Work to be completed: A bare number is all that is needed: how many lines below contain the string "SafeVehicleControl"?

Data for review:
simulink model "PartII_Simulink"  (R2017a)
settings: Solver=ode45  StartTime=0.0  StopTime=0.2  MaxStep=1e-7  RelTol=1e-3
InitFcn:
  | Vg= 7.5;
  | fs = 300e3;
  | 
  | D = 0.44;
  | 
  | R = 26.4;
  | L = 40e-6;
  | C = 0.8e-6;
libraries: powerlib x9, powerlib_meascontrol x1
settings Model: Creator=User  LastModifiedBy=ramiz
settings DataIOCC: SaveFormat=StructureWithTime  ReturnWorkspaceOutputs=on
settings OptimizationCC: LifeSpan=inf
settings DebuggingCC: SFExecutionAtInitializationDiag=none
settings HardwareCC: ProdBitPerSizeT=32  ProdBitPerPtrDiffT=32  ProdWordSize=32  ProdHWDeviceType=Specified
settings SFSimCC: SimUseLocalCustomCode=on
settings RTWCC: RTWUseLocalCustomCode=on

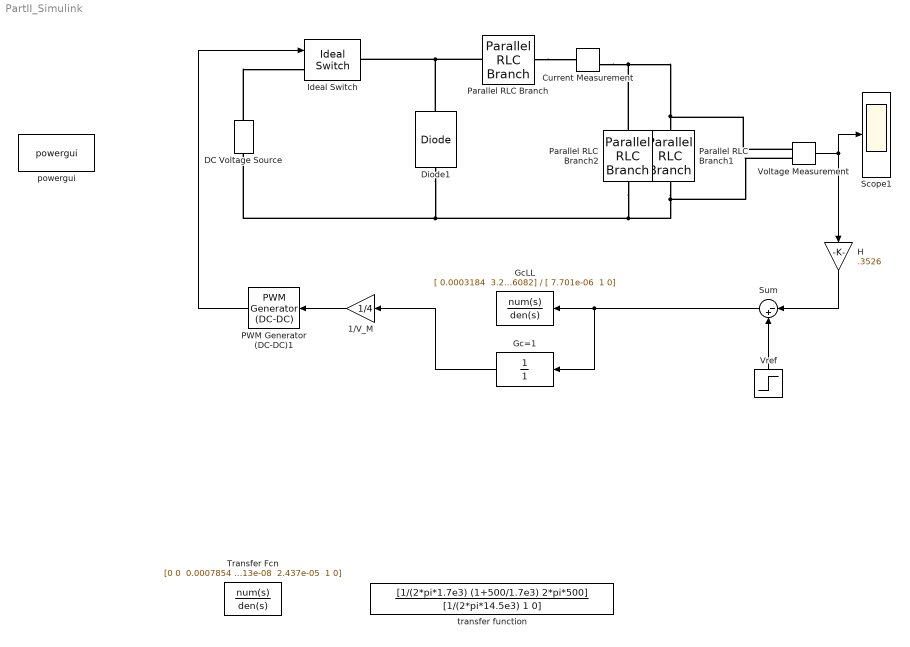
== system PartII_Simulink ==
  1/V_M : Gain  Gain=1/4
  Current Measurement : powerlib/Measurements/Current Measurement  PhasorSimulation=off  OutputType=Complex  PSBequivalent=0
  DC Voltage Source : powerlib/Electrical Sources/DC Voltage Source  Amplitude=28  Measurements=None
  Diode1 : powerlib/Power Electronics/Diode  Ron=1e-6  Lon=0  Vf=0  IC=0  UseSnubber=0  Rs=1e5  Cs=inf  Measurements=off
  Gc=1 : TransferFcn  Denominator=[1]
  GcLL : TransferFcn  Numerator="[ 0.0003184  3.22  6082]"  Denominator="[ 7.701e-06  1 0]"
  H : Gain  Gain=.3526
  Ideal Switch : powerlib/Power Electronics/Ideal Switch  Ron=1e-6  Lon=0  IC=0  Rs=1e9  Cs=inf  Measurements=off
  PWM Generator (DC-DC)1 : powerlib_meascontrol/Pulse & Signal Generators/PWM Generator (DC-DC)  Fsw=100e3  Ts=0
  Parallel RLC Branch : powerlib/Elements/Parallel RLC Branch  LConnTagsString=a  RConnTagsString=__new0  BranchType=L  Resistance=1  Inductance=50e-6  SetiL0=on  InitialCurrent=0  Capacitance=1e-6  Setx0=off  InitialVoltage=0  Measurements=None
  Parallel RLC Branch1 : powerlib/Elements/Parallel RLC Branch  LConnTagsString=a  RConnTagsString=__new0  BranchType=R  Resistance=3  Inductance=1e-3  SetiL0=off  InitialCurrent=0  Capacitance=C  Setx0=on  InitialVoltage=0  Measurements=None
  Parallel RLC Branch2 : powerlib/Elements/Parallel RLC Branch  LConnTagsString=a  RConnTagsString=__new0  BranchType=C  Resistance=R  Inductance=1e-3  SetiL0=off  InitialCurrent=0  Capacitance=500e-6  Setx0=on  InitialVoltage=0  Measurements=None
  Scope1 : Scope
  Sum : Sum  Inputs=|-+
  Transfer Fcn : TransferFcn  Numerator="[0 0  0.0007854  7.943   1.5e04]"  Denominator="[1.925e-13  2.513e-08  2.437e-05  1 0]"
  Voltage Measurement : powerlib/Measurements/Voltage Measurement  PhasorSimulation=off  OutputType=Complex  PSBequivalent=0
  Vref : Step  Time=.05  Before=5.29  After=5.819  SampleTime=0
  powergui : powerlib/powergui  Priority=1  SimulationMode=Discrete  SampleTime=5e-7  frequency=60  Iterations=50  frequencyindice=0  Pbase=100e6  ErrMax=1e-4  UnitsV=kV  UnitsW=MW  buscounter=0  FunctionMessages=off  echomessages=off  EnableUseOfTLC=off  CurrentSourceSwitches=off  DisableSnubberDevices=off  DisableRonSwitches=off  DisableVfSwitches=off  DisplayEquations=off  SolverType=Tustin/Backward Euler (TBE)  Interpol=off  ExternalGateDelay=off  methode=off  Ts=100  x0status=blocks  SPID=on  SwTol=0  HookPort=off  RestoreLinks=warning  ResistiveCurrentMeasurement=off  Frange=[0:2:500]  Ylog=off  Xlog=on  ShowGrid=off  save=off  variable=ZData  structure=output  ZoomFFT=on  StartTime=0.5e-3  cycles=10  DisplayStyle=6  fundamental=300e3  FreqAxis=off  MaxFrequency=3e6  frequencyindicesteady=1  RmsSteady=1  display=off
  transfer function : TransferFcn  Numerator=[1/(2*pi*1.7e3) (1+500/1.7e3) 2*pi*500]  Denominator=[1/(2*pi*14.5e3) 1 0]
  wires:
  Voltage Measurement/1 -> Scope1/1, H/1
  Vref/1 -> Sum/2
  H/1 -> Sum/1
  PWM Generator (DC-DC)1/1 -> Ideal Switch/1
  1/V_M/1 -> PWM Generator (DC-DC)1/1
  Sum/1 -> Gc=1/1, GcLL/1
  Gc=1/1 -> 1/V_M/1
  connections:
  DC Voltage Source/RConn1 -- Ideal Switch/LConn1
  Parallel RLC Branch/LConn1 -- Diode1/RConn1 -- Ideal Switch/RConn1
  Parallel RLC Branch1/RConn1 -- Voltage Measurement/LConn2 -- Parallel RLC Branch2/RConn1 -- DC Voltage Source/LConn1 -- Diode1/LConn1
  Current Measurement/RConn1 -- Parallel RLC Branch2/LConn1 -- Voltage Measurement/LConn1 -- Parallel RLC Branch1/LConn1
  Parallel RLC Branch/RConn1 -- Current Measurement/LConn1
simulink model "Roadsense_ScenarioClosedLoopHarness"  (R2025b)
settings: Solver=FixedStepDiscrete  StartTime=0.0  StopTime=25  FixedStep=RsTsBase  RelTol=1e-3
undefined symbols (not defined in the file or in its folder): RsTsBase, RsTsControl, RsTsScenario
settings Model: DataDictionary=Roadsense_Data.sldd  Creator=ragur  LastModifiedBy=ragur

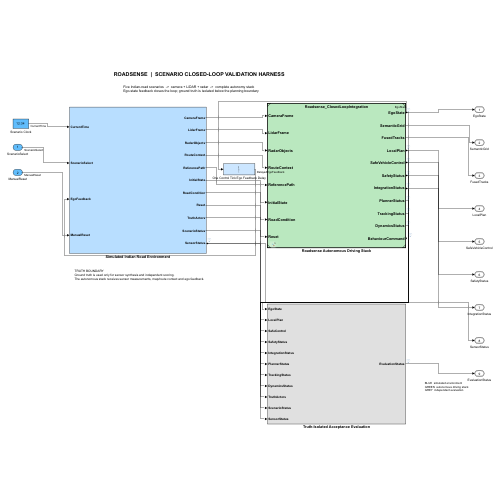
[thumbnail: Simulink's stored preview of the top-level diagram]
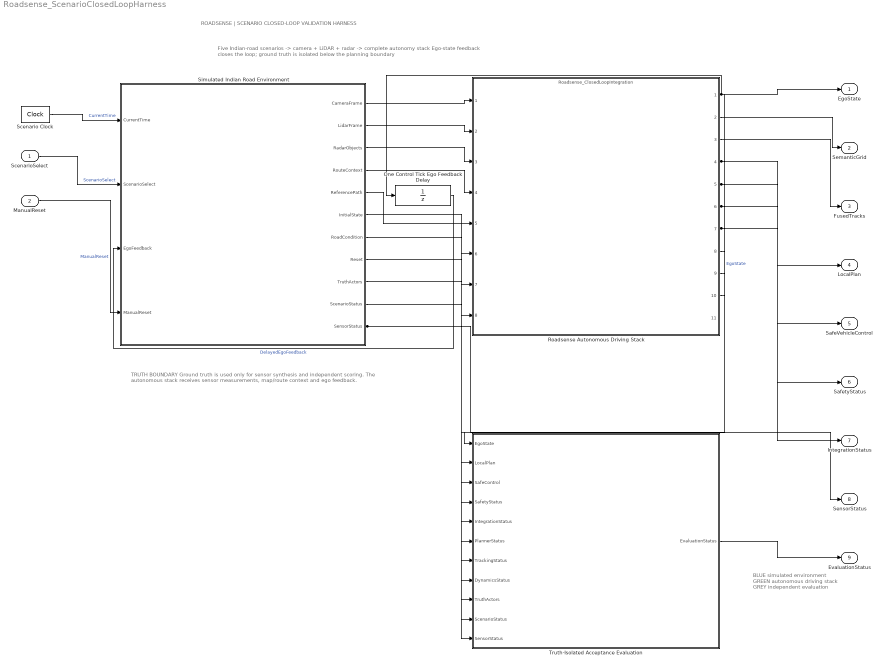
== system Roadsense_ScenarioClosedLoopHarness ==
  note: ROADSENSE | SCENARIO CLOSED-LOOP VALIDATION HARNESS
  note: Five Indian-road scenarios  ->  camera + LiDAR + radar  ->  complete autonomy stack
      | Ego-state feedback closes the loop; ground truth is isolated below the planning boundary
  note: TRUTH BOUNDARY
      | Ground truth is used only for sensor synthesis and independent scoring.
      | The autonomous stack receives sensor measurements, map/route context and ego feedback.
  note: BLUE  simulated environment
      | GREEN  autonomous driving stack
      | GREY  independent evaluation
  ScenarioSelect : Inport  OutDataTypeStr=uint8  SampleTime=RsTsScenario
  ManualReset : Inport  Port=2  OutDataTypeStr=boolean  SampleTime=RsTsControl
  One Control Tick Ego Feedback Delay : UnitDelay  SampleTime=RsTsControl  HasFrameUpgradeWarning=on
  Roadsense Autonomous Driving Stack : ModelReference  ModelNameDialog=Roadsense_ClosedLoopIntegration  SimulationMode=Normal  ModelReferenceVersion=1.1
  Scenario Clock : DigitalClock  SampleTime=RsTsBase
  Simulated Indian Road Environment : Subsystem
  Truth-Isolated Acceptance Evaluation : Subsystem
  EgoState : Outport  OutDataTypeStr=Bus: RsEgoStateBus
  SemanticGrid : Outport  Port=2  OutDataTypeStr=Bus: RsSemanticGridBus
  FusedTracks : Outport  Port=3  OutDataTypeStr=Bus: RsFusedTrackListBus
  LocalPlan : Outport  Port=4  OutDataTypeStr=Bus: RsLocalPlanBus
  SafeVehicleControl : Outport  Port=5  OutDataTypeStr=Bus: RsVehicleControlBus
  SafetyStatus : Outport  Port=6  OutDataTypeStr=Bus: RsSafetyStatusBus
  IntegrationStatus : Outport  Port=7  OutDataTypeStr=Bus: RsIntegrationStatusBus
  SensorStatus : Outport  Port=8  OutDataTypeStr=Bus: RsScenarioSensorStatusBus
  EvaluationStatus : Outport  Port=9  OutDataTypeStr=Bus: RsScenarioEvaluationBus
  wires:
  Scenario Clock/1 -> Simulated Indian Road Environment/1(CurrentTime)  "CurrentTime"
  ScenarioSelect/1 -> Simulated Indian Road Environment/2(ScenarioSelect)  "ScenarioSelect"
  Roadsense Autonomous Driving Stack/1 -> One Control Tick Ego Feedback Delay/1, Truth-Isolated Acceptance Evaluation/1(EgoState), EgoState/1  "EgoState"
  One Control Tick Ego Feedback Delay/1 -> Simulated Indian Road Environment/3(EgoFeedback)  "DelayedEgoFeedback"
  ManualReset/1 -> Simulated Indian Road Environment/4(ManualReset)  "ManualReset"
  Simulated Indian Road Environment/1(CameraFrame) -> Roadsense Autonomous Driving Stack/1
  Simulated Indian Road Environment/2(LidarFrame) -> Roadsense Autonomous Driving Stack/2
  Simulated Indian Road Environment/3(RadarObjects) -> Roadsense Autonomous Driving Stack/3
  Simulated Indian Road Environment/4(RouteContext) -> Roadsense Autonomous Driving Stack/4
  Simulated Indian Road Environment/5(ReferencePath) -> Roadsense Autonomous Driving Stack/5
  Simulated Indian Road Environment/6(InitialState) -> Roadsense Autonomous Driving Stack/6
  Simulated Indian Road Environment/7(RoadCondition) -> Roadsense Autonomous Driving Stack/7
  Simulated Indian Road Environment/8(Reset) -> Roadsense Autonomous Driving Stack/8
  Roadsense Autonomous Driving Stack/4 -> Truth-Isolated Acceptance Evaluation/2(LocalPlan), LocalPlan/1
  Roadsense Autonomous Driving Stack/5 -> Truth-Isolated Acceptance Evaluation/3(SafeControl), SafeVehicleControl/1
  Roadsense Autonomous Driving Stack/6 -> Truth-Isolated Acceptance Evaluation/4(SafetyStatus), SafetyStatus/1
  Roadsense Autonomous Driving Stack/7 -> Truth-Isolated Acceptance Evaluation/5(IntegrationStatus), IntegrationStatus/1
  Roadsense Autonomous Driving Stack/8 -> Truth-Isolated Acceptance Evaluation/6(PlannerStatus)
  Roadsense Autonomous Driving Stack/9 -> Truth-Isolated Acceptance Evaluation/7(TrackingStatus)
  Roadsense Autonomous Driving Stack/10 -> Truth-Isolated Acceptance Evaluation/8(DynamicsStatus)
  Simulated Indian Road Environment/9(TruthActors) -> Truth-Isolated Acceptance Evaluation/9(TruthActors)
  Simulated Indian Road Environment/10(ScenarioStatus) -> Truth-Isolated Acceptance Evaluation/10(ScenarioStatus)
  Simulated Indian Road Environment/11(SensorStatus) -> Truth-Isolated Acceptance Evaluation/11(SensorStatus), SensorStatus/1
  Roadsense Autonomous Driving Stack/2 -> SemanticGrid/1
  Roadsense Autonomous Driving Stack/3 -> FusedTracks/1
  Truth-Isolated Acceptance Evaluation/1(EvaluationStatus) -> EvaluationStatus/1

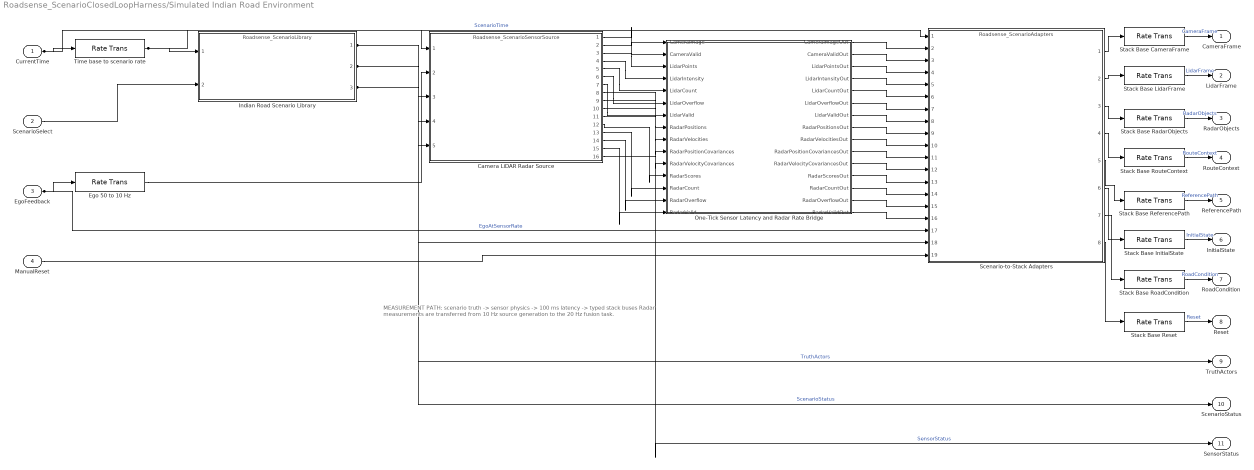
== system Roadsense_ScenarioClosedLoopHarness/Simulated Indian Road Environment ==
  note: MEASUREMENT PATH:  scenario truth -> sensor physics -> 100 ms latency -> typed stack buses
      | Radar measurements are transferred from 10 Hz source generation to the 20 Hz fusion task.
  CurrentTime : Inport  OutDataTypeStr=double  SampleTime=RsTsBase
  ScenarioSelect : Inport  Port=2  OutDataTypeStr=uint8  SampleTime=RsTsScenario
  EgoFeedback : Inport  Port=3  OutDataTypeStr=Bus: RsEgoStateBus  SampleTime=RsTsControl
  ManualReset : Inport  Port=4  OutDataTypeStr=boolean  SampleTime=RsTsControl
  Camera LiDAR Radar Source : ModelReference  ModelNameDialog=Roadsense_ScenarioSensorSource  SimulationMode=Normal  ModelReferenceVersion=1.1
  Ego 50 to 10 Hz : RateTransition  OutPortSampleTime=RsTsScenario
  Indian Road Scenario Library : ModelReference  ModelNameDialog=Roadsense_ScenarioLibrary  SimulationMode=Normal  ModelReferenceVersion=1.1
  One-Tick Sensor Latency and Radar Rate Bridge : Subsystem
  Scenario-to-Stack Adapters : ModelReference  ModelNameDialog=Roadsense_ScenarioAdapters  SimulationMode=Normal  ModelReferenceVersion=1.1
  Stack Base CameraFrame : RateTransition  OutPortSampleTime=RsTsBase
  Stack Base InitialState : RateTransition  OutPortSampleTime=RsTsBase
  Stack Base LidarFrame : RateTransition  OutPortSampleTime=RsTsBase
  Stack Base RadarObjects : RateTransition  OutPortSampleTime=RsTsBase
  Stack Base ReferencePath : RateTransition  OutPortSampleTime=RsTsBase
  Stack Base Reset : RateTransition  OutPortSampleTime=RsTsBase
  Stack Base RoadCondition : RateTransition  OutPortSampleTime=RsTsBase
  Stack Base RouteContext : RateTransition  OutPortSampleTime=RsTsBase
  Time base to scenario rate : RateTransition  OutPortSampleTime=RsTsScenario
  CameraFrame : Outport  OutDataTypeStr=Bus: RsCameraFrameBus
  LidarFrame : Outport  Port=2  OutDataTypeStr=Bus: RsLidarFrameBus
  RadarObjects : Outport  Port=3  OutDataTypeStr=Bus: RsRadarObjectListBus
  RouteContext : Outport  Port=4  OutDataTypeStr=Bus: RsRouteContextBus
  ReferencePath : Outport  Port=5  OutDataTypeStr=Bus: RsReferencePathBus
  InitialState : Outport  Port=6  OutDataTypeStr=Bus: RsEgoStateBus
  RoadCondition : Outport  Port=7  OutDataTypeStr=Bus: RsRoadConditionBus
  Reset : Outport  Port=8  OutDataTypeStr=boolean
  TruthActors : Outport  Port=9  OutDataTypeStr=Bus: RsScenarioActorListBus
  ScenarioStatus : Outport  Port=10  OutDataTypeStr=Bus: RsScenarioStatusBus
  SensorStatus : Outport  Port=11  OutDataTypeStr=Bus: RsScenarioSensorStatusBus
  wires:
  CurrentTime/1 -> Time base to scenario rate/1, Scenario-to-Stack Adapters/1  "ScenarioTime"
  EgoFeedback/1 -> Ego 50 to 10 Hz/1, Scenario-to-Stack Adapters/17  "EgoAtSensorRate"
  Time base to scenario rate/1 -> Indian Road Scenario Library/1, Camera LiDAR Radar Source/1
  ScenarioSelect/1 -> Indian Road Scenario Library/2
  Ego 50 to 10 Hz/1 -> Camera LiDAR Radar Source/2
  Indian Road Scenario Library/2 -> Camera LiDAR Radar Source/3, TruthActors/1  "TruthActors"
  Indian Road Scenario Library/1 -> Camera LiDAR Radar Source/4, Scenario-to-Stack Adapters/18
  Indian Road Scenario Library/3 -> Camera LiDAR Radar Source/5, ScenarioStatus/1  "ScenarioStatus"
  Camera LiDAR Radar Source/1 -> One-Tick Sensor Latency and Radar Rate Bridge/1(CameraImage)
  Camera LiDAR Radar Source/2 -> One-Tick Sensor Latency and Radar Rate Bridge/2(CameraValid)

Result: 2